The proposed rule contemplates a new clause, at FAR 52.222-ZZ titled “Prohibition on Compensation History Inquiries and Requirement for Compensation Disclosures by Contractors During Recruitment and Hiring,” that will apply to all solicitations and contracts, including those related to any acquisitions at or below the Simplified Acquisition threshold and for commercial products and commercial services, such as Commercially Available Off-the-Shelf (COTS) items. The clause will, however, apply only to solicitations and contracts where the principal place of performance is in the United States and its outlying areas (e.g., territories).

Once incorporated, the requirements of that clause would apply to both contractors and, based on the scope of its flow-downs provision, subcontractors at any tier and mandate the following:

Pay Transparency Requirements

  • Call for Extensive Salary Disclosures in Ads: Any advertisements for job openings involving work on or in connection with a government contract must disclose the compensation to be offered to the hired applicant for any position to perform work on or in connection with the contract. The disclosure must indicate the salary or wages, or range thereof, that the contractor in good faith believes that it will pay for the advertised position and may reflect, as applicable, the contractor’s pay scale for that position, the range of compensation for those currently working in similar jobs, or the amount budgeted for the position.
  • Benefits, Commissions, Bonuses, and/or Overtime Pay Must Also Be Disclosed: The disclosure must also include a general description of the benefits and other forms of compensation applicable to the job opportunity. Where at least half of the expected compensation for the advertised position is derived from commissions, bonuses, and/or overtime pay, the contractor must specify the percentage of overall compensation or dollar amount, or ranges thereof, for each form of compensation, as applicable, that it in good faith believes will be paid for the advertised position.
  • Apply Regardless of the Source of the Ad: The requirements, as proposed, will apply to any advertisements placed by or on behalf of the contractor or subcontractor.

Compensation History Ban

  • Broad Prohibition on Any Inquiries About Prior Compensation: The proposed requirements would prohibit contractors and subcontractors from seeking an applicant’s compensation history, either orally or in writing, from any person, including the applicant and others (e.g., current or former employer or agent). The proposed policy would also ban covered entities from requiring the disclosure of compensation history as a condition of an applicant’s candidacy or retaliating against or refusing to interview or otherwise consider, hire, or employ any applicant for failing to respond to an inquiry regarding their compensation history.
  • Broad Prohibition on Any Consideration of Prior Compensation: Furthermore, contractors and subcontractors will be prohibited from relying on an applicant’s compensation history as a criterion in screening or considering the applicant for employment or relying on an applicant’s compensation history in determining the compensation for such individual at any stage in the selection process. These prohibitions will apply even if an applicant for employment volunteers their compensation history without prompting at any stage in the selection process.

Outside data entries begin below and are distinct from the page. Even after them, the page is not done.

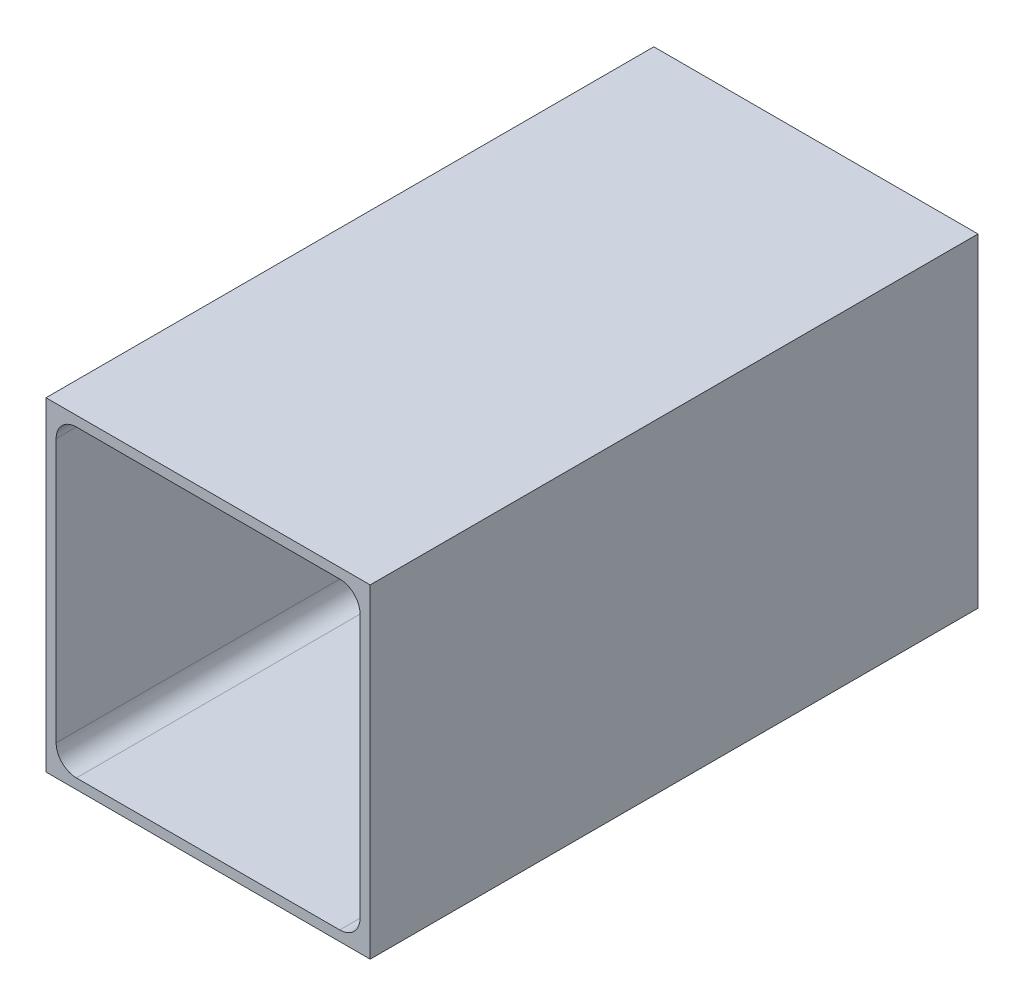
ISO-10303-21;
HEADER;
FILE_DESCRIPTION(('STEP AP214'),'2;1');
FILE_NAME('part.step','',(''),(''),'','','');
FILE_SCHEMA(('AUTOMOTIVE_DESIGN { 1 0 10303 214 1 1 1 1 }'));
ENDSEC;
DATA;
#1=APPLICATION_CONTEXT('core data for automotive mechanical design processes');
#2=APPLICATION_PROTOCOL_DEFINITION('international standard','automotive_design',2000,#1);
#3=PRODUCT_CONTEXT('',#1,'mechanical');
#4=PRODUCT('Part','Part','',(#3));
#5=PRODUCT_RELATED_PRODUCT_CATEGORY('part','',(#4));
#6=PRODUCT_DEFINITION_FORMATION('','',#4);
#7=PRODUCT_DEFINITION_CONTEXT('part definition',#1,'design');
#8=PRODUCT_DEFINITION('design','',#6,#7);
#9=PRODUCT_DEFINITION_SHAPE('','',#8);
#10=(LENGTH_UNIT() NAMED_UNIT(*) SI_UNIT(.MILLI.,.METRE.));
#11=(NAMED_UNIT(*) PLANE_ANGLE_UNIT() SI_UNIT($,.RADIAN.));
#12=(NAMED_UNIT(*) SI_UNIT($,.STERADIAN.) SOLID_ANGLE_UNIT());
#13=UNCERTAINTY_MEASURE_WITH_UNIT(LENGTH_MEASURE(1.E-05),#10,'distance_accuracy_value','');
#14=(GEOMETRIC_REPRESENTATION_CONTEXT(3) GLOBAL_UNCERTAINTY_ASSIGNED_CONTEXT((#13)) GLOBAL_UNIT_ASSIGNED_CONTEXT((#10,
#11,#12)) REPRESENTATION_CONTEXT('',''));
#15=CARTESIAN_POINT('',(0.,0.,0.));
#16=DIRECTION('',(0.,0.,1.));
#17=DIRECTION('',(1.,0.,0.));
#18=AXIS2_PLACEMENT_3D('',#15,#16,#17);
#19=CARTESIAN_POINT('',(0.,0.,3000.));
#20=DIRECTION('',(0.,0.,-1.));
#21=DIRECTION('',(-1.,0.,0.));
#22=AXIS2_PLACEMENT_3D('',#19,#20,#21);
#23=PLANE('',#22);
#24=DIRECTION('',(0.,-1.,0.));
#25=VECTOR('',#24,1.);
#26=CARTESIAN_POINT('',(-160.,0.,3000.));
#27=LINE('',#26,#25);
#28=CARTESIAN_POINT('',(-160.,160.,3000.));
#29=VERTEX_POINT('',#28);
#30=CARTESIAN_POINT('',(-160.,-160.,3000.));
#31=VERTEX_POINT('',#30);
#32=EDGE_CURVE('E145',#29,#31,#27,.T.);
#33=ORIENTED_EDGE('',*,*,#32,.T.);
#34=DIRECTION('',(1.,0.,0.));
#35=VECTOR('',#34,1.);
#36=CARTESIAN_POINT('',(0.,-160.,3000.));
#37=LINE('',#36,#35);
#38=CARTESIAN_POINT('',(160.,-160.,3000.));
#39=VERTEX_POINT('',#38);
#40=EDGE_CURVE('E154',#31,#39,#37,.T.);
#41=ORIENTED_EDGE('',*,*,#40,.T.);
#42=DIRECTION('',(0.,1.,0.));
#43=VECTOR('',#42,1.);
#44=CARTESIAN_POINT('',(160.,0.,3000.));
#45=LINE('',#44,#43);
#46=CARTESIAN_POINT('',(160.,160.,3000.));
#47=VERTEX_POINT('',#46);
#48=EDGE_CURVE('E161',#39,#47,#45,.T.);
#49=ORIENTED_EDGE('',*,*,#48,.T.);
#50=DIRECTION('',(-1.,0.,0.));
#51=VECTOR('',#50,1.);
#52=CARTESIAN_POINT('',(0.,160.,3000.));
#53=LINE('',#52,#51);
#54=EDGE_CURVE('E164',#47,#29,#53,.T.);
#55=ORIENTED_EDGE('',*,*,#54,.T.);
#56=EDGE_LOOP('',(#33,#41,#49,#55));
#57=FACE_BOUND('',#56,.T.);
#58=DIRECTION('',(0.,-1.,0.));
#59=VECTOR('',#58,1.);
#60=CARTESIAN_POINT('',(-150.,-150.,3000.));
#61=LINE('',#60,#59);
#62=CARTESIAN_POINT('',(-150.,130.,3000.));
#63=VERTEX_POINT('',#62);
#64=CARTESIAN_POINT('',(-150.,-130.,3000.));
#65=VERTEX_POINT('',#64);
#66=EDGE_CURVE('E232',#63,#65,#61,.T.);
#67=ORIENTED_EDGE('',*,*,#66,.F.);
#68=CARTESIAN_POINT('',(-130.,130.,3000.));
#69=DIRECTION('',(0.,0.,-1.));
#70=DIRECTION('',(-1.,0.,0.));
#71=AXIS2_PLACEMENT_3D('',#68,#69,#70);
#72=CIRCLE('',#71,20.);
#73=CARTESIAN_POINT('',(-130.,150.,3000.));
#74=VERTEX_POINT('',#73);
#75=EDGE_CURVE('E220',#63,#74,#72,.T.);
#76=ORIENTED_EDGE('',*,*,#75,.T.);
#77=DIRECTION('',(-1.,0.,0.));
#78=VECTOR('',#77,1.);
#79=CARTESIAN_POINT('',(-150.,150.,3000.));
#80=LINE('',#79,#78);
#81=CARTESIAN_POINT('',(130.,150.,3000.));
#82=VERTEX_POINT('',#81);
#83=EDGE_CURVE('E200',#82,#74,#80,.T.);
#84=ORIENTED_EDGE('',*,*,#83,.F.);
#85=CARTESIAN_POINT('',(130.,130.,3000.));
#86=DIRECTION('',(0.,0.,-1.));
#87=DIRECTION('',(-1.,0.,0.));
#88=AXIS2_PLACEMENT_3D('',#85,#86,#87);
#89=CIRCLE('',#88,20.);
#90=CARTESIAN_POINT('',(150.,130.,3000.));
#91=VERTEX_POINT('',#90);
#92=EDGE_CURVE('E224',#82,#91,#89,.T.);
#93=ORIENTED_EDGE('',*,*,#92,.T.);
#94=DIRECTION('',(0.,1.,0.));
#95=VECTOR('',#94,1.);
#96=CARTESIAN_POINT('',(150.,-150.,3000.));
#97=LINE('',#96,#95);
#98=CARTESIAN_POINT('',(150.,-130.,3000.));
#99=VERTEX_POINT('',#98);
#100=EDGE_CURVE('E196',#99,#91,#97,.T.);
#101=ORIENTED_EDGE('',*,*,#100,.F.);
#102=CARTESIAN_POINT('',(130.,-130.,3000.));
#103=DIRECTION('',(0.,0.,-1.));
#104=DIRECTION('',(-1.,0.,0.));
#105=AXIS2_PLACEMENT_3D('',#102,#103,#104);
#106=CIRCLE('',#105,20.);
#107=CARTESIAN_POINT('',(130.,-150.,3000.));
#108=VERTEX_POINT('',#107);
#109=EDGE_CURVE('E66',#99,#108,#106,.T.);
#110=ORIENTED_EDGE('',*,*,#109,.T.);
#111=DIRECTION('',(1.,0.,0.));
#112=VECTOR('',#111,1.);
#113=CARTESIAN_POINT('',(-150.,-150.,3000.));
#114=LINE('',#113,#112);
#115=CARTESIAN_POINT('',(-130.,-150.,3000.));
#116=VERTEX_POINT('',#115);
#117=EDGE_CURVE('E182',#116,#108,#114,.T.);
#118=ORIENTED_EDGE('',*,*,#117,.F.);
#119=CARTESIAN_POINT('',(-130.,-130.,3000.));
#120=DIRECTION('',(0.,0.,-1.));
#121=DIRECTION('',(-1.,0.,0.));
#122=AXIS2_PLACEMENT_3D('',#119,#120,#121);
#123=CIRCLE('',#122,20.);
#124=EDGE_CURVE('E59',#116,#65,#123,.T.);
#125=ORIENTED_EDGE('',*,*,#124,.T.);
#126=EDGE_LOOP('',(#67,#76,#84,#93,#101,#110,#118,#125));
#127=FACE_BOUND('',#126,.T.);
#128=ADVANCED_FACE('F51',(#57,#127),#23,.F.);
#129=CARTESIAN_POINT('',(0.,0.,2400.));
#130=DIRECTION('',(0.,0.,1.));
#131=DIRECTION('',(1.,0.,0.));
#132=AXIS2_PLACEMENT_3D('',#129,#130,#131);
#133=PLANE('',#132);
#134=DIRECTION('',(1.,0.,0.));
#135=VECTOR('',#134,1.);
#136=CARTESIAN_POINT('',(0.,-160.,2400.));
#137=LINE('',#136,#135);
#138=CARTESIAN_POINT('',(-160.,-160.,2400.));
#139=VERTEX_POINT('',#138);
#140=CARTESIAN_POINT('',(160.,-160.,2400.));
#141=VERTEX_POINT('',#140);
#142=EDGE_CURVE('E180',#139,#141,#137,.T.);
#143=ORIENTED_EDGE('',*,*,#142,.F.);
#144=DIRECTION('',(0.,-1.,0.));
#145=VECTOR('',#144,1.);
#146=CARTESIAN_POINT('',(-160.,0.,2400.));
#147=LINE('',#146,#145);
#148=CARTESIAN_POINT('',(-160.,160.,2400.));
#149=VERTEX_POINT('',#148);
#150=EDGE_CURVE('E147',#149,#139,#147,.T.);
#151=ORIENTED_EDGE('',*,*,#150,.F.);
#152=DIRECTION('',(-1.,0.,0.));
#153=VECTOR('',#152,1.);
#154=CARTESIAN_POINT('',(0.,160.,2400.));
#155=LINE('',#154,#153);
#156=CARTESIAN_POINT('',(160.,160.,2400.));
#157=VERTEX_POINT('',#156);
#158=EDGE_CURVE('E174',#157,#149,#155,.T.);
#159=ORIENTED_EDGE('',*,*,#158,.F.);
#160=DIRECTION('',(0.,1.,0.));
#161=VECTOR('',#160,1.);
#162=CARTESIAN_POINT('',(160.,0.,2400.));
#163=LINE('',#162,#161);
#164=EDGE_CURVE('E177',#141,#157,#163,.T.);
#165=ORIENTED_EDGE('',*,*,#164,.F.);
#166=EDGE_LOOP('',(#143,#151,#159,#165));
#167=FACE_BOUND('',#166,.T.);
#168=DIRECTION('',(0.,-1.,0.));
#169=VECTOR('',#168,1.);
#170=CARTESIAN_POINT('',(-150.,-150.,2400.));
#171=LINE('',#170,#169);
#172=CARTESIAN_POINT('',(-150.,130.,2400.));
#173=VERTEX_POINT('',#172);
#174=CARTESIAN_POINT('',(-150.,-130.,2400.));
#175=VERTEX_POINT('',#174);
#176=EDGE_CURVE('E240',#173,#175,#171,.T.);
#177=ORIENTED_EDGE('',*,*,#176,.T.);
#178=CARTESIAN_POINT('',(-130.,-130.,2400.));
#179=DIRECTION('',(0.,0.,1.));
#180=DIRECTION('',(1.,0.,0.));
#181=AXIS2_PLACEMENT_3D('',#178,#179,#180);
#182=CIRCLE('',#181,20.);
#183=CARTESIAN_POINT('',(-130.,-150.,2400.));
#184=VERTEX_POINT('',#183);
#185=EDGE_CURVE('E12',#175,#184,#182,.T.);
#186=ORIENTED_EDGE('',*,*,#185,.T.);
#187=DIRECTION('',(1.,0.,0.));
#188=VECTOR('',#187,1.);
#189=CARTESIAN_POINT('',(-150.,-150.,2400.));
#190=LINE('',#189,#188);
#191=CARTESIAN_POINT('',(130.,-150.,2400.));
#192=VERTEX_POINT('',#191);
#193=EDGE_CURVE('E193',#184,#192,#190,.T.);
#194=ORIENTED_EDGE('',*,*,#193,.T.);
#195=CARTESIAN_POINT('',(130.,-130.,2400.));
#196=DIRECTION('',(0.,0.,1.));
#197=DIRECTION('',(1.,0.,0.));
#198=AXIS2_PLACEMENT_3D('',#195,#196,#197);
#199=CIRCLE('',#198,20.);
#200=CARTESIAN_POINT('',(150.,-130.,2400.));
#201=VERTEX_POINT('',#200);
#202=EDGE_CURVE('E229',#192,#201,#199,.T.);
#203=ORIENTED_EDGE('',*,*,#202,.T.);
#204=DIRECTION('',(0.,1.,0.));
#205=VECTOR('',#204,1.);
#206=CARTESIAN_POINT('',(150.,-150.,2400.));
#207=LINE('',#206,#205);
#208=CARTESIAN_POINT('',(150.,130.,2400.));
#209=VERTEX_POINT('',#208);
#210=EDGE_CURVE('E188',#201,#209,#207,.T.);
#211=ORIENTED_EDGE('',*,*,#210,.T.);
#212=CARTESIAN_POINT('',(130.,130.,2400.));
#213=DIRECTION('',(0.,0.,1.));
#214=DIRECTION('',(1.,0.,0.));
#215=AXIS2_PLACEMENT_3D('',#212,#213,#214);
#216=CIRCLE('',#215,20.);
#217=CARTESIAN_POINT('',(130.,150.,2400.));
#218=VERTEX_POINT('',#217);
#219=EDGE_CURVE('E226',#209,#218,#216,.T.);
#220=ORIENTED_EDGE('',*,*,#219,.T.);
#221=DIRECTION('',(-1.,0.,0.));
#222=VECTOR('',#221,1.);
#223=CARTESIAN_POINT('',(-150.,150.,2400.));
#224=LINE('',#223,#222);
#225=CARTESIAN_POINT('',(-130.,150.,2400.));
#226=VERTEX_POINT('',#225);
#227=EDGE_CURVE('E192',#218,#226,#224,.T.);
#228=ORIENTED_EDGE('',*,*,#227,.T.);
#229=CARTESIAN_POINT('',(-130.,130.,2400.));
#230=DIRECTION('',(0.,0.,1.));
#231=DIRECTION('',(1.,0.,0.));
#232=AXIS2_PLACEMENT_3D('',#229,#230,#231);
#233=CIRCLE('',#232,20.);
#234=EDGE_CURVE('E222',#226,#173,#233,.T.);
#235=ORIENTED_EDGE('',*,*,#234,.T.);
#236=EDGE_LOOP('',(#177,#186,#194,#203,#211,#220,#228,#235));
#237=FACE_BOUND('',#236,.T.);
#238=ADVANCED_FACE('F265',(#167,#237),#133,.F.);
#239=CARTESIAN_POINT('',(-160.,0.,0.));
#240=DIRECTION('',(1.,0.,0.));
#241=DIRECTION('',(0.,1.,0.));
#242=AXIS2_PLACEMENT_3D('',#239,#240,#241);
#243=PLANE('',#242);
#244=DIRECTION('',(0.,0.,1.));
#245=VECTOR('',#244,1.);
#246=CARTESIAN_POINT('',(-160.,-160.,0.));
#247=LINE('',#246,#245);
#248=EDGE_CURVE('E140',#139,#31,#247,.T.);
#249=ORIENTED_EDGE('',*,*,#248,.T.);
#250=ORIENTED_EDGE('',*,*,#32,.F.);
#251=DIRECTION('',(0.,0.,1.));
#252=VECTOR('',#251,1.);
#253=CARTESIAN_POINT('',(-160.,160.,0.));
#254=LINE('',#253,#252);
#255=EDGE_CURVE('E151',#149,#29,#254,.T.);
#256=ORIENTED_EDGE('',*,*,#255,.F.);
#257=ORIENTED_EDGE('',*,*,#150,.T.);
#258=EDGE_LOOP('',(#249,#250,#256,#257));
#259=FACE_BOUND('',#258,.T.);
#260=ADVANCED_FACE('F142',(#259),#243,.F.);
#261=CARTESIAN_POINT('',(0.,160.,0.));
#262=DIRECTION('',(0.,-1.,0.));
#263=DIRECTION('',(1.,0.,0.));
#264=AXIS2_PLACEMENT_3D('',#261,#262,#263);
#265=PLANE('',#264);
#266=ORIENTED_EDGE('',*,*,#255,.T.);
#267=ORIENTED_EDGE('',*,*,#54,.F.);
#268=DIRECTION('',(0.,0.,1.));
#269=VECTOR('',#268,1.);
#270=CARTESIAN_POINT('',(160.,160.,0.));
#271=LINE('',#270,#269);
#272=EDGE_CURVE('E165',#157,#47,#271,.T.);
#273=ORIENTED_EDGE('',*,*,#272,.F.);
#274=ORIENTED_EDGE('',*,*,#158,.T.);
#275=EDGE_LOOP('',(#266,#267,#273,#274));
#276=FACE_BOUND('',#275,.T.);
#277=ADVANCED_FACE('F299',(#276),#265,.F.);
#278=CARTESIAN_POINT('',(0.,-160.,0.));
#279=DIRECTION('',(0.,1.,0.));
#280=DIRECTION('',(-1.,0.,0.));
#281=AXIS2_PLACEMENT_3D('',#278,#279,#280);
#282=PLANE('',#281);
#283=DIRECTION('',(0.,0.,1.));
#284=VECTOR('',#283,1.);
#285=CARTESIAN_POINT('',(160.,-160.,0.));
#286=LINE('',#285,#284);
#287=EDGE_CURVE('E157',#141,#39,#286,.T.);
#288=ORIENTED_EDGE('',*,*,#287,.T.);
#289=ORIENTED_EDGE('',*,*,#40,.F.);
#290=ORIENTED_EDGE('',*,*,#248,.F.);
#291=ORIENTED_EDGE('',*,*,#142,.T.);
#292=EDGE_LOOP('',(#288,#289,#290,#291));
#293=FACE_BOUND('',#292,.T.);
#294=ADVANCED_FACE('F155',(#293),#282,.F.);
#295=CARTESIAN_POINT('',(160.,0.,0.));
#296=DIRECTION('',(-1.,0.,0.));
#297=DIRECTION('',(0.,-1.,0.));
#298=AXIS2_PLACEMENT_3D('',#295,#296,#297);
#299=PLANE('',#298);
#300=ORIENTED_EDGE('',*,*,#272,.T.);
#301=ORIENTED_EDGE('',*,*,#48,.F.);
#302=ORIENTED_EDGE('',*,*,#287,.F.);
#303=ORIENTED_EDGE('',*,*,#164,.T.);
#304=EDGE_LOOP('',(#300,#301,#302,#303));
#305=FACE_BOUND('',#304,.T.);
#306=ADVANCED_FACE('F305',(#305),#299,.F.);
#307=CARTESIAN_POINT('',(-150.,0.,0.));
#308=DIRECTION('',(1.,0.,0.));
#309=DIRECTION('',(0.,1.,0.));
#310=AXIS2_PLACEMENT_3D('',#307,#308,#309);
#311=PLANE('',#310);
#312=ORIENTED_EDGE('',*,*,#176,.F.);
#313=DIRECTION('',(0.,0.,1.));
#314=VECTOR('',#313,1.);
#315=CARTESIAN_POINT('',(-150.,130.,3000.));
#316=LINE('',#315,#314);
#317=EDGE_CURVE('E239',#173,#63,#316,.T.);
#318=ORIENTED_EDGE('',*,*,#317,.T.);
#319=ORIENTED_EDGE('',*,*,#66,.T.);
#320=DIRECTION('',(0.,0.,1.));
#321=VECTOR('',#320,1.);
#322=CARTESIAN_POINT('',(-150.,-130.,2400.));
#323=LINE('',#322,#321);
#324=EDGE_CURVE('E160',#65,#175,#323,.F.);
#325=ORIENTED_EDGE('',*,*,#324,.T.);
#326=EDGE_LOOP('',(#312,#318,#319,#325));
#327=FACE_BOUND('',#326,.T.);
#328=ADVANCED_FACE('F236',(#327),#311,.T.);
#329=CARTESIAN_POINT('',(0.,150.,0.));
#330=DIRECTION('',(0.,-1.,0.));
#331=DIRECTION('',(1.,0.,0.));
#332=AXIS2_PLACEMENT_3D('',#329,#330,#331);
#333=PLANE('',#332);
#334=ORIENTED_EDGE('',*,*,#83,.T.);
#335=DIRECTION('',(0.,0.,1.));
#336=VECTOR('',#335,1.);
#337=CARTESIAN_POINT('',(-130.,150.,2400.));
#338=LINE('',#337,#336);
#339=EDGE_CURVE('E194',#74,#226,#338,.F.);
#340=ORIENTED_EDGE('',*,*,#339,.T.);
#341=ORIENTED_EDGE('',*,*,#227,.F.);
#342=DIRECTION('',(0.,0.,1.));
#343=VECTOR('',#342,1.);
#344=CARTESIAN_POINT('',(130.,150.,3000.));
#345=LINE('',#344,#343);
#346=EDGE_CURVE('E244',#218,#82,#345,.T.);
#347=ORIENTED_EDGE('',*,*,#346,.T.);
#348=EDGE_LOOP('',(#334,#340,#341,#347));
#349=FACE_BOUND('',#348,.T.);
#350=ADVANCED_FACE('F269',(#349),#333,.T.);
#351=CARTESIAN_POINT('',(0.,-150.,0.));
#352=DIRECTION('',(0.,1.,0.));
#353=DIRECTION('',(-1.,0.,0.));
#354=AXIS2_PLACEMENT_3D('',#351,#352,#353);
#355=PLANE('',#354);
#356=ORIENTED_EDGE('',*,*,#117,.T.);
#357=DIRECTION('',(0.,0.,1.));
#358=VECTOR('',#357,1.);
#359=CARTESIAN_POINT('',(130.,-150.,2400.));
#360=LINE('',#359,#358);
#361=EDGE_CURVE('E217',#108,#192,#360,.F.);
#362=ORIENTED_EDGE('',*,*,#361,.T.);
#363=ORIENTED_EDGE('',*,*,#193,.F.);
#364=DIRECTION('',(0.,0.,1.));
#365=VECTOR('',#364,1.);
#366=CARTESIAN_POINT('',(-130.,-150.,3000.));
#367=LINE('',#366,#365);
#368=EDGE_CURVE('E215',#184,#116,#367,.T.);
#369=ORIENTED_EDGE('',*,*,#368,.T.);
#370=EDGE_LOOP('',(#356,#362,#363,#369));
#371=FACE_BOUND('',#370,.T.);
#372=ADVANCED_FACE('F277',(#371),#355,.T.);
#373=CARTESIAN_POINT('',(150.,0.,0.));
#374=DIRECTION('',(-1.,0.,0.));
#375=DIRECTION('',(0.,-1.,0.));
#376=AXIS2_PLACEMENT_3D('',#373,#374,#375);
#377=PLANE('',#376);
#378=ORIENTED_EDGE('',*,*,#100,.T.);
#379=DIRECTION('',(0.,0.,1.));
#380=VECTOR('',#379,1.);
#381=CARTESIAN_POINT('',(150.,130.,2400.));
#382=LINE('',#381,#380);
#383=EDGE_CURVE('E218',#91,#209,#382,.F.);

Notice & Complaint Process

  • Notice: Covered entities must provide any applicants that are covered by the prohibitions and disclosure requirements described above with a notice of their rights as either part of the job announcement or application process. Specific language for the notice is provided in the new clause, along with a fill-in that the contractor must use to inform the applicant of the agency that issued the solicitation or awarded the contract so that applicants know which agency should receive any complaints of noncompliance.
  • Complaints: The proposed policy provides that an applicant for a position covered by the proposed policy may submit a complaint relating to the contractor’s noncompliance with the new clause to a central collection point of the agency that issued the solicitation or awarded the contract or order. The complaint must be submitted within 180 days of the violation. The text of the new clause provides a link to where the list of agency central collection points is posted.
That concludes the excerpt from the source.